Unique Dynamics and Critical Insights

Ethereum’s business model is unique due to its programmability, enabling a decentralized “world computer” that supports diverse applications, from DeFi to NFTs. Unlike Bitcoin’s focus on being digital gold, Ethereum’s value stems from its role as infrastructure for a programmable economy. Key dynamics include:

1. Triple-Point Asset: ETH serves as a currency (for fees), collateral (staking, DeFi), and store of value, with 11M ETH locked in DeFi and 4M staked. This versatility drives demand and scarcity.
2. Fee Burn Mechanism (EIP-1559): Burning ~70% of $20–30M/day in fees reduces ETH supply, creating deflationary pressure (projected to peak at 120M ETH). This “ultrasound money” contrasts with Bitcoin’s fixed 21M cap.
3. Proof-of-Stake Efficiency: 20x more efficient than proof-of-work, requiring 5 cents per $1 of security vs. $1 for Bitcoin. This lowers issuance (10x reduction) and enhances security (load-to-power ratio of 50 vs. Bitcoin’s 100).
4. Network Effects and Moat: Ethereum’s dominance in DeFi (11M ETH locked) and NFTs (ETH-denominated) creates a self-reinforcing cycle, attracting developers and users. Competitors like Solana sacrifice decentralization for scalability, weakening their long-term position.
5. Scalability Roadmap: Layer 1 (sharding) and layer 2 (rollups) promise 10,000x throughput, enabling Visa-scale processing and supporting low-value transactions, broadening Ethereum’s appeal.
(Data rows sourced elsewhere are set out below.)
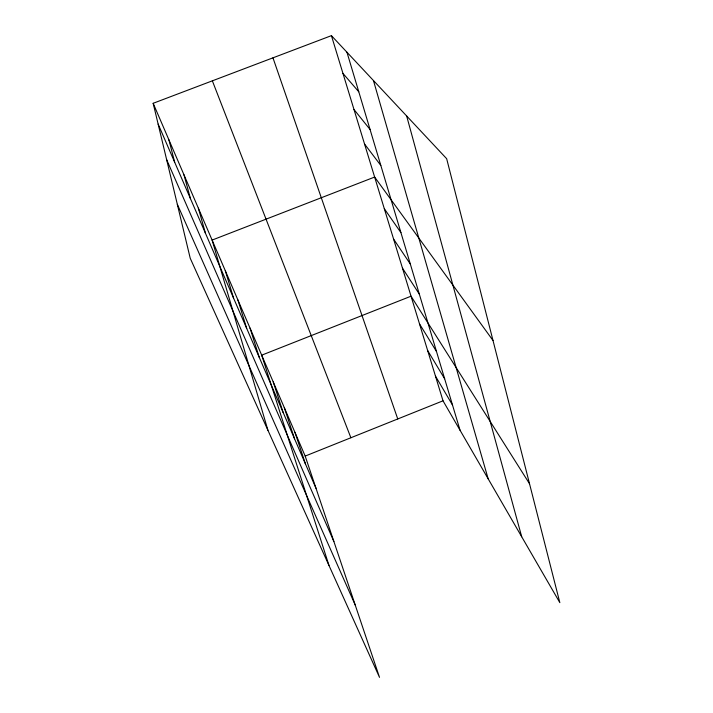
<?xml version="1.0" encoding="UTF-8"?>
<svg xmlns="http://www.w3.org/2000/svg" width="713" height="713" viewBox="0 0 713 713"><rect width="100%" height="100%" fill="white"/><g stroke="black" fill="none" stroke-linecap="round" stroke-linejoin="round"><path stroke-width="1.07" d="M305.182 456.079L443.014 400.813L559.839 602.654L446.659 158.696L331.42 35.65L153.161 103.296L190.228 258.266L379.512 677.35L305.182 456.079L153.161 103.296M342.962 73.421L358.782 91.79M353.987 109.508L370.056 129.481M364.539 144.017L380.822 165.443M493.004 340.502L374.637 177.056L212.109 240.085L267.928 430.287M384.307 208.713L400.92 232.616M393.585 239.069L410.314 264.033M402.488 268.204L419.324 294.121M529.518 483.735L411.044 296.198L261.698 355.172L328.96 565.418M419.511 323.916L436.481 351.464M427.648 350.546L444.662 378.799M435.483 376.161L452.514 405.046M177.332 204.319L355.217 605.007M166.646 159.667L333.871 541.479M158.143 124.098L316.011 488.307M212.358 80.836L350.885 437.755M272.963 57.833L397.747 418.959M294.941 432.31L305.503 464.065M284.291 407.604L294.558 438.825M273.222 381.91L283.159 412.533M250.049 328.14L259.238 357.338M237.928 300.004L246.68 328.363M331.42 35.65L443.014 400.813M225.29 270.673L233.561 298.096M346.946 52.227L460.054 430.26M373.452 80.524L488.164 478.824M198.348 208.151L205.496 233.356M406.651 115.978L521.702 536.764M183.963 174.774L190.46 198.669M168.919 139.855L174.694 162.297"/></g></svg>
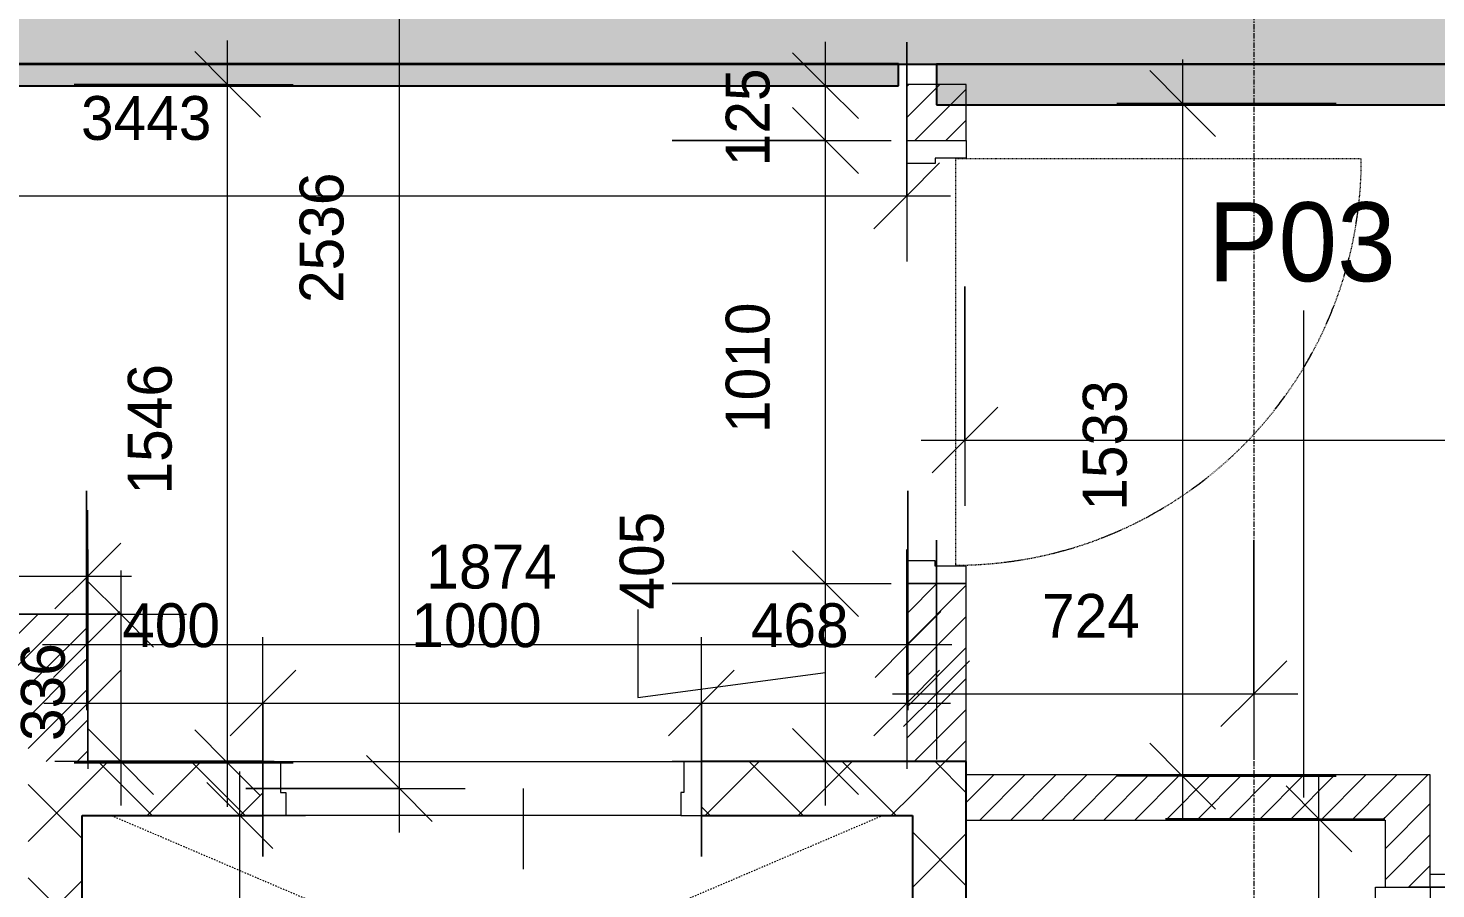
# Model space of a CAD drawing. Header units: millimetres. Extents: x 137829 to 196765, y -3018 to 487290.
# Drawn here: x 154792 to 158002, y 453790 to 455752 of the extents above; entities that cross this region are included whole.
import ezdxf

# ---------------------------------------------------------------- set-up
doc = ezdxf.new("R2010")
doc.units = ezdxf.units.MM
for name, pattern in [('Dash', [6.35, 3.175, -3.175]), ('FCH_Dash 1_5mm', [3, 1.5, -1.5]), ('GridLine', [21, 12, -3, 3, -3])]:
    doc.linetypes.add(name, pattern=pattern)
for name, color, linetype, lineweight in [('A-ANNO-DIMS', 211, 'Continuous', 5), ('A-ANNO-DIMS-100', 211, 'Continuous', 5), ('A-DETL', 90, 'Continuous', 15), ('A-DOOR', 31, 'Continuous', 15), ('A-DOOR-FRAM', 31, 'Continuous', 5), ('A-WALL', 113, 'Continuous', 15), ('A-WALL-IDEN', 211, 'Continuous', 15), ('A-WALL-PATT', 111, 'Continuous', 15), ('I-WALL', 2, 'Continuous', 15), ('S-GRID', 1, 'Continuous', 5)]:
    doc.layers.add(name, color=color, linetype=linetype, lineweight=lineweight)
doc.styles.add('Akkurat-Light_2', font='Akkurat-Light.ttf', dxfattribs={"height": 180})
doc.styles.add('Akkurat-Light_3', font='Akkurat-Light.ttf', dxfattribs={"height": 100})
doc.dimstyles.new('Diagonal_Cont_AkkuratLight_1_0mm', dxfattribs={"dimscale": 304.8, "dimtxt": 101.480158, "dimasz": 0.492126, "dimexe": 0.492126, "dimexo": 0.0625, "dimgap": 0.328084, "dimtad": 1, "dimdec": 0, "dimzin": 0, "dimdsep": 46, "dimtxsty": 'Akkurat-Light_3', "dimblk1": 'OBLIQUE', "dimblk2": 'OBLIQUE', "dimsah": 1, "dimcen": 0.09, "dimdle": 0.328084, "dimazin": 0, "dimtfac": 1, "dimtdec": 4, "dimtix": 1, "dimtmove": 0, "dimatfit": 3, "dimfxl": 1, "dimtvp": 1, "dimtolj": 1, "dimtzin": 0, "dimarcsym": 0})
doc.dimstyles.new('Diagonal_Cont_AkkuratLight_1_0mm_1', dxfattribs={"dimscale": 304.8, "dimtxt": 101.480158, "dimasz": 0.492126, "dimexe": 0.492126, "dimexo": 0.0625, "dimgap": 0.328084, "dimtad": 1, "dimdec": 0, "dimzin": 0, "dimdsep": 46, "dimtxsty": 'Akkurat-Light_3', "dimblk1": 'OBLIQUE', "dimblk2": 'OBLIQUE', "dimsah": 1, "dimcen": 0.09, "dimdle": 0.328084, "dimazin": 0, "dimtfac": 1, "dimtdec": 4, "dimtix": 1, "dimtmove": 1, "dimatfit": 3, "dimfxl": 1, "dimtvp": 1, "dimtolj": 1, "dimtzin": 0, "dimarcsym": 0})
doc.dimstyles.new('Diagonal_Cont_AkkuratLight_1_0mm_RED', dxfattribs={"dimscale": 304.8, "dimtxt": 101.480158, "dimasz": 0.492126, "dimexe": 0.492126, "dimexo": 0.0625, "dimgap": 0.328084, "dimtad": 1, "dimdec": 0, "dimzin": 0, "dimdsep": 46, "dimtxsty": 'Akkurat-Light_3', "dimblk1": 'OBLIQUE', "dimblk2": 'OBLIQUE', "dimsah": 1, "dimcen": 0.09, "dimdle": 0.328084, "dimazin": 0, "dimtfac": 1, "dimtdec": 4, "dimtix": 1, "dimtmove": 0, "dimatfit": 3, "dimfxl": 1, "dimtvp": 1, "dimtolj": 1, "dimtzin": 0, "dimarcsym": 0})
pattern_1 = [(45, (0, 0), (-106.066017, 106.066017), []), (135, (0, 0), (-106.066017, -106.066017), [])]
pattern_2 = [(45, (0, 0), (-35.355339, 35.355339), [])]

# ---------------------------------------------------------------- blocks, each defined once
blk = doc.blocks.new('FCH_DR_Int_Sgl_Blank - DT_02 1010x2110mm FD30S-14091336-12-30 - Typical Floor_Partition Types')
at = {"layer": 'A-DOOR'}
for p, q in [((-505, -68), (-505, 68)), ((505, 68), (505, -68))]:
    blk.add_line(p, q, dxfattribs=at)
at = {"layer": 'A-DOOR', "linetype": 'FCH_Dash 1_5mm', "lineweight": 5}
for p, q in [((463, -43), (-463, -43)), ((463, -969), (463, -43))]:
    blk.add_line(p, q, dxfattribs=at)
blk.add_arc((463, -43), 926, 180, 270, dxfattribs=at)
at = {"layer": 'A-DOOR', "lineweight": 5}
for start, end in [(187.012, 189.2865), (194.0461, 196.7156), (201.1208, 203.8792), (208.2844, 210.9539), (215.7135, 217.988), (232.012, 234.2865), (239.0461, 241.7156), (246.1208, 248.8792), (253.2844, 255.9539), (260.7135, 262.988)]:
    blk.add_arc((463, -43), 926, start, end, dxfattribs=at)
at = {"layer": 'A-DOOR-FRAM'}
for p, q in [((-505, 68), (-505, -68)), ((-453, 68), (-505, 68)), ((-453, 68), (-497, 68)), ((-453, 3), (-453, 68)), ((453, 68), (497, 68)), ((453, 3), (453, 68)), ((453, 68), (505, 68)), ((505, 68), (505, -68)), ((-465, 3), (-453, 3)), ((-465, -68), (-465, 3)), ((465, 3), (453, 3)), ((465, -68), (465, 3)), ((-505, -68), (-465, -68)), ((-497, -68), (-465, -68)), ((497, -68), (465, -68)), ((505, -68), (465, -68))]:
    blk.add_line(p, q, dxfattribs=at)
blk = doc.blocks.new('FCH_DR_AOV_SmokeShaftLouvre - DT_04 AOV_Louvre_1000 x 1200mm FD120S-14214861-12-30 - Typical Floor_Partition Types')
at = {"layer": 'A-DOOR'}
for p, q in [((-500, 61.5), (-500, -61.5)), ((500, -61.5), (500, 61.5))]:
    blk.add_line(p, q, dxfattribs=at)
at = {"layer": 'A-DOOR-FRAM'}
for p, q in [((-500, 61.5), (-460, 61.5)), ((-500, -61.5), (-500, 61.5)), ((-491, 61.5), (-460, 61.5)), ((-460, 61.5), (-460, -9.5)), ((460, 61.5), (460, -9.5)), ((491, 61.5), (460, 61.5)), ((500, 61.5), (460, 61.5)), ((500, -61.5), (500, 61.5)), ((-460, -9.5), (-448, -9.5)), ((-448, -9.5), (-448, -61.5)), ((453, -9.5), (453, -61.5)), ((460, -9.5), (453, -9.5)), ((-448, -61.5), (-500, -61.5)), ((-448, -61.5), (-491, -61.5)), ((453, -61.5), (491, -61.5)), ((453, -61.5), (500, -61.5))]:
    blk.add_line(p, q, dxfattribs=at)
blk = doc.blocks.new('FCH_DR_Ext_O__Dbl_Eq_Blank - DT_10 Type 04_1335x2110mm-V58-12-30 - Typical Floor_Partition Types')
at = {"layer": 'A-DOOR', "linetype": 'FCH_Dash 1_5mm', "lineweight": 5}
for p, q in [((-627.5, 652.5), (-627.5, 51.5)), ((627.5, 652.5), (627.5, 51.5)), ((-627.5, 26.5), (-1.5, 26.5)), ((627.5, 26.5), (1.5, 26.5))]:
    blk.add_line(p, q, dxfattribs=at)
at = {"layer": 'A-DOOR', "lineweight": 5}
for p, q in [((-697.5, 51.5), (-697.5, 96.5)), ((-697.5, 96.5), (-627.5, 96.5)), ((-6.1, 96.5), (6.1, 96.5)), ((627.5, 96.5), (697.5, 96.5)), ((697.5, 96.5), (697.5, 51.5)), ((3.1, 51.5), (-3.1, 51.5)), ((602.5, -73.5), (-614.5, -73.5))]:
    blk.add_line(p, q, dxfattribs=at)
at = {"layer": 'A-DOOR'}
for p, q in [((-667.5, -73.5), (-667.5, 51.5)), ((667.5, 51.5), (667.5, -73.5))]:
    blk.add_line(p, q, dxfattribs=at)
at = {"layer": 'A-DOOR', "linetype": 'FCH_Dash 1_5mm', "lineweight": 5}
for centre, start, end in [((-627.5, 26.5), 360, 90), ((627.5, 26.5), 90, 180)]:
    blk.add_arc(centre, 626, start, end, dxfattribs=at)
at = {"layer": 'A-DOOR', "lineweight": 5}
for centre, start, end in [((-627.5, 26.5), 78.9984, 81.6686), ((627.5, 26.5), 98.3314, 101.0016), ((-627.5, 26.5), 70.1975, 73.2884), ((627.5, 26.5), 106.7116, 109.8025), ((-627.5, 26.5), 61.7116, 64.8025), ((627.5, 26.5), 115.1975, 118.2884), ((-627.5, 26.5), 53.3314, 56.0016), ((627.5, 26.5), 123.9984, 126.6686), ((-627.5, 26.5), 33.9984, 36.6686), ((627.5, 26.5), 143.3314, 146.0016), ((-627.5, 26.5), 25.1975, 28.2884), ((627.5, 26.5), 151.7116, 154.8025), ((-627.5, 26.5), 16.7116, 19.8025), ((627.5, 26.5), 160.1975, 163.2884), ((-627.5, 26.5), 8.3314, 11.0016), ((627.5, 26.5), 168.9984, 171.6686)]:
    blk.add_arc(centre, 626, start, end, dxfattribs=at)
at = {"layer": 'A-DOOR-FRAM'}
for p, q in [((-667.5, 51.5), (-659.5, 51.5)), ((-667.5, -73.5), (-667.5, 51.5)), ((-659.5, 51.5), (-627.5, 51.5)), ((-627.5, 51.5), (-627.5, -19.5)), ((627.5, 51.5), (627.5, -19.5)), ((659.5, 51.5), (627.5, 51.5)), ((667.5, 51.5), (659.5, 51.5)), ((667.5, -73.5), (667.5, 51.5)), ((-627.5, -19.5), (-614.5, -19.5)), ((-614.5, -19.5), (-614.5, -73.5)), ((602.5, -19.5), (602.5, -73.5)), ((627.5, -19.5), (602.5, -19.5)), ((-659.5, -73.5), (-667.5, -73.5)), ((-614.5, -73.5), (-659.5, -73.5)), ((602.5, -73.5), (659.5, -73.5)), ((659.5, -73.5), (667.5, -73.5))]:
    blk.add_line(p, q, dxfattribs=at)
blk = doc.blocks.new('DIMBLOCK13-12-30 - Typical Floor_Partition Types')
at = {"layer": 'A-ANNO-DIMS-100'}
for p, q in [((155638.3, 453918.7), (155638.3, 456655.2)), ((155288.3, 456555.2), (155788.3, 456555.2)), ((155638.3, 456555.2), (155288.3, 456555.2)), ((155288.3, 454018.7), (155788.3, 454018.7)), ((155638.3, 454018.7), (155288.3, 454018.7))]:
    blk.add_line(p, q, dxfattribs=at)
at = {"layer": 'A-ANNO-DIMS-100', "lineweight": 18}
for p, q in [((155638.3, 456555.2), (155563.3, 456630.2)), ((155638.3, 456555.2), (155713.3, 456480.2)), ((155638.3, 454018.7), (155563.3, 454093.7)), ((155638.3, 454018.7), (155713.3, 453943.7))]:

Standout Interviewee Insights

• Ultrasound Money: Justin Drake’s concept of ETH as “ultrasound money” due to deflationary fee burns is a compelling narrative, enhancing ETH’s monetary premium.
• Economic Engine Analogy: Comparing Ethereum to a car with a battery (ETH), engine (consensus), and solar panel (economy) highlights its self-sustaining design, where fee burns recharge the battery, unlike Bitcoin’s volatile fee-driven security.
• Security Advantage: Proof-of-stake’s anti-fragility (destroying attacker collateral) vs. proof-of-work’s fragility (repeatable attacks) positions Ethereum as more secure long-term.
• Developer Leverage: $100B in community funds (e.g., Uniswap’s $10B) underscores Ethereum’s ability to attract talent, amplifying innovation.

Critical Analysis

While Ethereum’s programmability and network effects create a strong moat, challenges remain:

• High Fees: $8–$100 transaction costs exclude low-value use cases, necessitating scalability solutions.
• Competition: Solana and Binance Smart Chain offer higher throughput but compromise decentralization, appealing to specific applications.
• Complexity Risks: Programmability introduces vulnerabilities (e.g., smart contract bugs), requiring robust auditing.
• Regulatory Uncertainty: As a decentralized financial infrastructure, Ethereum faces potential regulatory scrutiny, though its censorship resistance mitigates this.

Conclusion

Ethereum’s business model is a paradigm shift, blending monetary, computational, and economic functions into a decentralized platform. Its revenue from gas fees ($20–30M/day) reflects robust demand, driven by programmability and network effects. The transition to proof-of-stake and fee burns positions ETH as “ultrasound money,” with a projected deflationary supply enhancing scarcity. Scalability upgrades promise to democratize access, while Ethereum’s moat—built on decentralization, developer leverage, and ecosystem lock-in—sets it apart. However, high fees and competition require vigilance. Ethereum’s ability to evolve, as evidenced by EIP-1559 and the merge, underscores its potential to redefine internet-native economies.